According to CDC statistics, teen suicides rose from 2.2 per 100,000 to 2.6 per 100,000 in 2004, an 18% increase. This was the first increase seen in more than a decade:
The article reporting this finding (which had originally appeared in the journal Pediatrics) quoted several experts claiming that a likely cause of this rise was the new black box warning that the FDA required to be placed on SSRI antidepressants (selective serotonin reuptake inhibitors), warning of the increased risk of suicidal behavior in children and teens.
In HOOKED, I reviewed some of the evidence on how the pharmaceutical industry tried its best to hide and to deny this risk, which is a small but real concern. (See post below on the BBC program "Panorama" from last month which looked at this story.)
There has been a standard response from many child psychiatrists, most often those in bed with the industry--that it's terrible to impugn the SSRI drugs, because it will prompt physicians to stop prescribing them for teens, which will lead to untreated and worsening depression among teens, which will cause many more suicides than would ever be the case had SSRIs been widely used. (This response came only after the first industry ploy failed--that kids who engaged in suicidal behavior did so not because of the drug, but due to the underlying depression. That has been shown to be false since non-depressed teens given SSRIs have been shown to display the same sort of behavior.)
So when I saw psychiatrists claiming that this increase in suicide is due to the mean old FDA beating up the poor drug companies, I naturally wondered about the money trail.

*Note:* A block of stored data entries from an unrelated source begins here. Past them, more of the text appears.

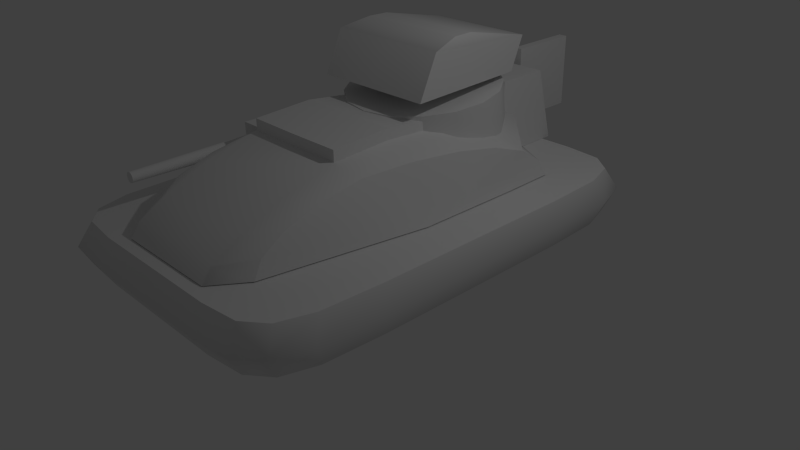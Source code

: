 # Source: peg1_3_bones.blend  (saved by Blender 2.74.0; exported with 4.5.12 LTS)
import bpy
from mathutils import Matrix  # noqa: F401  (used for matrix-valued properties, if any)

bpy.ops.wm.read_factory_settings(use_empty=True)
scene = bpy.context.scene
scene.name = 'Scene'

# ---- collections
col_collection_1 = bpy.data.collections.new('Collection 1'); scene.collection.children.link(col_collection_1)

# ---- world
world_world = bpy.data.worlds.new('World'); scene.world = world_world
world_world.color = (0.05088, 0.05088, 0.05088)
world_world.use_sun_shadow = False
world_world.sun_shadow_jitter_overblur = 0.0
world_world.cycles.sampling_method = 'MANUAL'
world_world.cycles.sample_map_resolution = 256

# ---- cameras
cam_camera = bpy.data.cameras.new('Camera')
cam_camera.clip_end = 100.0
cam_camera.lens = 35.0
cam_camera.sensor_width = 32.0
cam_camera.sensor_height = 18.0
cam_camera.ortho_scale = 7.314
cam_camera.dof.focus_distance = 0.0
cam_camera.dof.aperture_fstop = 128.0

# ---- lights
light_lamp = bpy.data.lights.new('Lamp', 'POINT')
light_lamp.transmission_factor = 0.0
light_lamp.cutoff_distance = 30.0
light_lamp.energy = 100.0
light_lamp.shadow_buffer_clip_start = 1.001
light_lamp.shadow_soft_size = 0.1
light_lamp.shadow_maximum_resolution = 0.006
light_lamp.use_absolute_resolution = True
light_lamp.cycles.use_multiple_importance_sampling = False

# ---- meshes
me_skid = bpy.data.meshes.new('Skid')
me_skid.from_pydata([(-0.9047, -1.099, -1.34), (-0.7855, -1.099, -1.34), (-0.6393, -1.099, -0.8606), (-0.9047, -1.099, -0.8606), (-0.6393, -0.6196, -0.8606), (-0.9047, -0.6196, -0.8606), (-0.7855, -0.6196, -1.34), (-0.9047, -0.6196, -1.34), (0.6741, 1.162, -0.6058), (0.3894, 1.28, -0.6058), (0.3894, 1.28, -0.2887), (0.6741, 1.162, -0.2887), (0.1047, 1.162, -0.6058), (0.1047, 1.162, -0.2887), (-0.01327, 0.8771, -0.6058), (-0.01327, 0.8771, -0.2887), (0.1047, 0.5924, -0.6058), (0.1047, 0.5924, -0.2887), (0.3894, 0.4744, -0.6058), (0.3894, 0.4744, -0.2887), (0.6741, 0.5924, -0.6058), (0.6741, 0.5924, -0.2887), (0.7921, 0.8771, -0.6058), (0.7921, 0.8771, -0.2887), (0.3894, 0.8771, -0.6058), (0.3894, 0.8771, -0.2887), (1.313, 1.161, -1.131), (1.096, 1.484, -1.099), (1.096, 1.419, -0.4382), (1.313, 1.097, -0.4695), (0.7721, 1.699, -1.078), (0.7721, 1.635, -0.4173), (0.3894, 1.775, -1.071), (0.3894, 1.711, -0.4099), (0.006709, 1.699, -1.078), (0.006709, 1.635, -0.4173), (-0.3177, 1.484, -1.099), (-0.3177, 1.419, -0.4382), (-0.5345, 1.161, -1.131), (-0.5345, 1.097, -0.4695), (-0.6106, 0.7797, -1.167), (-0.6106, 0.7156, -0.5064), (-0.5345, 0.3988, -1.204), (-0.5345, 0.3347, -0.5433), (-0.3177, 0.07591, -1.236), (-0.3177, 0.01184, -0.5746), (0.006708, -0.1398, -1.257), (0.006708, -0.2039, -0.5956), (0.3894, -0.2156, -1.264), (0.3894, -0.2797, -0.6029), (0.7721, -0.1398, -1.257), (0.7721, -0.2039, -0.5956), (1.096, 0.07591, -1.236), (1.096, 0.01184, -0.5746), (1.313, 0.3988, -1.204), (1.313, 0.3347, -0.5433), (1.389, 0.7797, -1.167), (1.389, 0.7156, -0.5064), (0.3894, 0.7797, -1.167), (0.3894, 0.7156, -0.5064), (0.3894, -0.1476, -0.3617), (1.212, -0.1476, -0.3617), (1.212, 0.101, 0.1805), (0.3894, 0.101, 0.1805), (0.3894, 0.4971, 0.2685), (1.124, 0.4971, 0.2685), (1.108, 0.7705, 0.2685), (0.3894, 0.7705, 0.2685), (0.3894, 1.723, 0.06662), (1.108, 1.723, 0.06662), (1.108, 1.539, -0.3617), (0.3894, 1.539, -0.3617), (-0.4332, 0.101, 0.1805), (-0.4332, -0.1476, -0.3617), (-0.3295, 0.7705, 0.2685), (-0.345, 0.4971, 0.2685), (-0.3295, 1.539, -0.3617), (-0.3295, 1.723, 0.06662), (-0.1106, 1.682, -1.578), (0.8894, 1.682, -1.578), (0.8894, 1.682, -0.5777), (-0.1106, 1.682, -0.5777), (0.8894, 2.409, -0.5777), (-0.1106, 2.409, -0.5777), (0.8894, 2.682, -1.578), (-0.1106, 2.682, -1.578), (1.578, 0.107, -0.8961), (1.629, 0.6886, -0.9964), (1.088, 0.9374, -0.9088), (1.087, 0.2378, -0.7616), (1.65, 0.9143, -1.073), (1.666, 1.15, -1.153), (1.09, 1.666, -0.953), (1.689, 1.447, -1.349), (1.092, 1.722, -1.333), (1.73, 1.549, -1.568), (1.094, 1.789, -1.569), (1.389, -2.624, -1.568), (1.388, -2.522, -1.349), (1.092, -2.925, -1.397), (1.094, -3.048, -1.569), (1.386, -2.226, -1.153), (1.09, -2.568, -1.186), (1.385, -1.764, -0.9964), (1.088, -2.013, -0.9438), (1.384, -1.183, -0.8961), (1.087, -1.313, -0.7616), (1.492, -0.5378, -0.8615), (1.087, -0.5378, -0.72), (1.737, -0.5378, -1.568), (1.691, 0.9033, -1.213), (1.691, 0.8884, -1.411), (1.743, 0.8771, -1.568), (-0.3295, -2.925, -1.397), (-0.3316, -3.048, -1.569), (-0.3316, 1.789, -1.569), (-0.3295, 1.722, -1.333), (-0.3276, 1.666, -0.953), (0.3811, 0.9374, -0.9142), (-0.326, 0.9374, -0.9088), (1.087, 0.2378, -0.6641), (1.088, 0.9374, -0.8408), (0.3811, 0.9374, -0.8462), (0.3811, 0.2378, -0.6695), (1.087, -0.5378, -0.5752), (0.3811, -0.5378, -0.5806), (1.087, -1.313, -0.6168), (1.087, -0.5378, -0.5752), (0.3811, -1.313, -0.6222), (0.3811, -1.313, -0.767), (-0.325, -1.313, -0.7616), (-0.326, -2.013, -0.9438), (-0.3276, -2.568, -1.186), (1.087, -0.5378, -0.72), (1.087, -1.313, -0.7616), (-0.8156, 0.107, -0.8961), (-0.325, 0.2378, -0.7616), (-0.8673, 0.6886, -0.9964), (-0.9037, 1.15, -1.153), (-0.8879, 0.9143, -1.073), (-0.9264, 1.447, -1.349), (-0.9679, 1.549, -1.568), (-0.6272, -2.624, -1.568), (-0.6255, -2.522, -1.349), (-0.6239, -2.226, -1.153), (-0.6226, -1.764, -0.9964), (-0.6218, -1.183, -0.8961), (-0.3247, -0.5378, -0.72), (-0.7295, -0.5378, -0.8615), (-0.9748, -0.5378, -1.568), (-0.9292, 0.9033, -1.213), (-0.9289, 0.8884, -1.411), (-0.9807, 0.8771, -1.568), (-0.325, 0.2378, -0.6641), (-0.326, 0.9374, -0.8408), (-0.3247, -0.5378, -0.5752), (-0.325, -1.313, -0.6168), (-0.3247, -0.5378, -0.5752), (-0.325, -1.313, -0.7616), (-0.3247, -0.5378, -0.72), (0.3302, 2.533, -1.397), (0.4486, 2.533, -1.397), (0.4486, 2.533, -0.3967), (0.3302, 2.533, -0.3967), (0.4486, 3.533, -0.3967), (0.3302, 3.533, -0.3967), (0.4486, 3.533, -1.397), (0.3302, 3.533, -1.397), (-0.6876, -1.088, -1.039), (-0.7, -1.088, -1.015), (-0.7171, -2.753, -1.027), (-0.7076, -2.753, -1.046), (-0.7193, -1.088, -0.9954), (-0.7317, -2.753, -1.012), (-0.7437, -1.088, -0.983), (-0.7502, -2.753, -1.003), (-0.7707, -1.088, -0.9787), (-0.7707, -2.753, -0.9998), (-0.7977, -1.088, -0.983), (-0.7911, -2.753, -1.003), (-0.822, -1.088, -0.9954), (-0.8096, -2.753, -1.012), (-0.8414, -1.088, -1.015), (-0.8243, -2.753, -1.027), (-0.8538, -1.088, -1.039), (-0.8337, -2.753, -1.046), (-0.8581, -1.088, -1.066), (-0.8369, -2.753, -1.066), (-0.8538, -1.088, -1.093), (-0.8337, -2.753, -1.087), (-0.8414, -1.088, -1.117), (-0.8243, -2.753, -1.105), (-0.822, -1.088, -1.137), (-0.8096, -2.753, -1.12), (-0.7977, -1.088, -1.149), (-0.7911, -2.753, -1.129), (-0.7707, -1.088, -1.153), (-0.7707, -2.753, -1.132), (-0.7437, -1.088, -1.149), (-0.7502, -2.753, -1.129), (-0.7193, -1.088, -1.137), (-0.7317, -2.753, -1.12), (-0.7, -1.088, -1.117), (-0.7171, -2.753, -1.105), (-0.6876, -1.088, -1.093), (-0.7076, -2.753, -1.087), (-0.6833, -1.088, -1.066), (-0.7044, -2.753, -1.066), (-0.7707, -1.088, -1.066), (-0.7707, -2.753, -1.066), (1.844, 2.495, -2.185), (1.337, 2.549, -2.185), (1.394, 2.731, -1.874), (1.932, 2.674, -1.874), (-0.5584, 2.549, -2.185), (-0.6155, 2.731, -1.874), (-1.066, 2.495, -2.185), (-1.153, 2.674, -1.874), (-1.337, 2.279, -2.185), (-1.441, 2.445, -1.874), (-1.472, 1.847, -2.185), (-1.585, 1.987, -1.874), (-1.506, 1.039, -2.185), (-1.62, 1.13, -1.874), (-1.506, -1.697, -2.185), (-1.62, -1.788, -1.874), (-1.472, -2.505, -2.185), (-1.585, -2.645, -1.874), (-1.337, -2.937, -2.185), (-1.441, -3.103, -1.874), (-1.066, -3.153, -2.185), (-1.153, -3.332, -1.874), (-0.5584, -3.207, -2.185), (-0.6155, -3.389, -1.874), (1.337, -3.207, -2.185), (1.394, -3.389, -1.874), (1.844, -3.153, -2.185), (1.932, -3.332, -1.874), (2.116, -2.937, -2.185), (2.22, -3.103, -1.874), (2.251, -2.505, -2.185), (2.363, -2.645, -1.874), (2.285, -1.697, -2.185), (2.399, -1.788, -1.874), (2.285, 1.039, -2.185), (2.399, 1.13, -1.874), (2.251, 1.847, -2.185), (2.363, 1.987, -1.874), (2.116, 2.279, -2.185), (2.22, 2.445, -1.874), (-1.337, 2.279, -1.58), (2.116, 2.279, -1.58), (1.844, 2.495, -1.58), (1.337, 2.549, -1.58), (-0.5584, 2.549, -1.58), (-1.066, 2.495, -1.58), (2.285, -1.697, -1.58), (2.251, -2.505, -1.58), (2.116, -2.937, -1.58), (1.844, -3.153, -1.58), (1.337, -3.207, -1.58), (-0.5584, -3.207, -1.58), (-1.066, -3.153, -1.58), (-1.337, -2.937, -1.58), (-1.472, -2.505, -1.58), (-1.506, -1.697, -1.58), (-1.506, 1.039, -1.58), (-1.472, 1.847, -1.58), (2.251, 1.847, -1.58), (2.285, 1.039, -1.58)], [], [(0, 1, 2, 3), (3, 2, 4, 5), (5, 4, 6, 7), (7, 6, 1, 0), (1, 6, 4, 2), (7, 0, 3, 5), (8, 9, 10, 11), (9, 12, 13, 10), (12, 14, 15, 13), (14, 16, 17, 15), (16, 18, 19, 17), (18, 20, 21, 19), (20, 22, 23, 21), (22, 8, 11, 23), (12, 9, 24, 14), (16, 14, 24, 18), (20, 18, 24, 22), (8, 22, 24, 9), (25, 10, 13, 15), (25, 15, 17, 19), (25, 19, 21, 23), (25, 23, 11, 10), (26, 27, 28, 29), (27, 30, 31, 28), (30, 32, 33, 31), (32, 34, 35, 33), (34, 36, 37, 35), (36, 38, 39, 37), (38, 40, 41, 39), (40, 42, 43, 41), (42, 44, 45, 43), (44, 46, 47, 45), (46, 48, 49, 47), (48, 50, 51, 49), (50, 52, 53, 51), (52, 54, 55, 53), (54, 56, 57, 55), (56, 26, 29, 57), (27, 26, 58), (30, 27, 58), (32, 30, 58), (34, 32, 58), (36, 34, 58), (38, 36, 58), (40, 38, 58), (42, 40, 58), (44, 42, 58), (46, 44, 58), (48, 46, 58), (50, 48, 58), (52, 50, 58), (54, 52, 58), (56, 54, 58), (26, 56, 58), (59, 28, 31, 33), (59, 33, 35, 37), (59, 37, 39, 41), (59, 41, 43, 45), (59, 45, 47, 49), (59, 49, 51, 53), (59, 53, 55, 57), (59, 57, 29, 28), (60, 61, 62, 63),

Two major authorities are cited in the MedPage article: Dr. Charles Nemeroff of Emery University, and Dr. David Fassler, affiliated with the University of Vermont. Dr. Nemeroff is probably Exhibit A for unrepentent conflict of interest in high places in American medicine. He was exposed last year in the Wall Street Journal after he was forced to resign as editor of a psychiatric journal, due to the journal publishing a paper that he wrote advocating an implanted electric device for treating depression, without disclosing that Nemeroff was a shareholder in the company that makes the device. That led to a maudlin letter to the editor from 40-odd psychiatrists, all protesting that their colleague was a person of the highest integrity and how dare the WSJ impugn his honor.
Dr. Fassler has published much less in scholarly journals lately and so I was unable to see if he has direct financial ties to drug companies. He is a member of the board of Mental Health America. This is a legitimate advocacy organization, with numerous local chapters, which is supported in part by the MacArthur Foundation. But it also boasts among its donors most of the major drug companies, to the tune of $500K to $1M each.
So: did decreased use of SSRIs lead to this increase in teen suicide? Well, first one would like to know if there are any data that fewer SSRIs were in fact prescribed. Studies in the past have shown that physicians are actually pretty good at ignoring black box warnings. Second, to make the claim plausible, one would need to believe that the SSRI drugs are really very effective in treating depression in teens. But the available studies in fact show either no effect or very little effect. The relatively poor performance of SSRI drugs generally, not to mention their risks, is one of the better-kept secrets in drug industry marketing.
MedPage, to its credit, indicated skepticism as to whether the black-box-warning claim was the true reason for the rise in suicides.
What is perhaps saddest about this dispute is that it probably never had to arise at all. I am not a child psychiatrist or an expert in the use of SSRIs. But as best as I can understand, the behavioral syndrome that is related to SSRIs, and that prompts the suicidal or occasionally homicidal behavior, is a very specific syndrome called akithisia. It typically occurs in the first few weeks of starting therapy with an SSRI. Most patients have oppressive, intrustive thoughts of harming themselves or others, and had they immediately stopped taking the drug when those thoughts occurred, the harm would probably have been prevented in almost all cases.
Now, suppose the drug companies had been interested in science and patient care, instead of marketing and sales. As soon as this risk became known, it might have been widely publicized. Doctors could have been told by the ubiquitous drug sales reps: Watch your patients like a hawk for the first few weeks of treatment for this specific syndrome. Make sure that they and their family members know to stop the drug right away if it occurs. If after those first few weeks you haven't seen this--and thankfully it is rare--you are probably home free. This warning would have reduced the risk of anyone being harmed by this side effect by perhaps 90% at least, while still allowing physicians to prescribe SSRIs widely (assuming that they really work--see above). But no, the companies had to let their marketing concerns override quality medical care.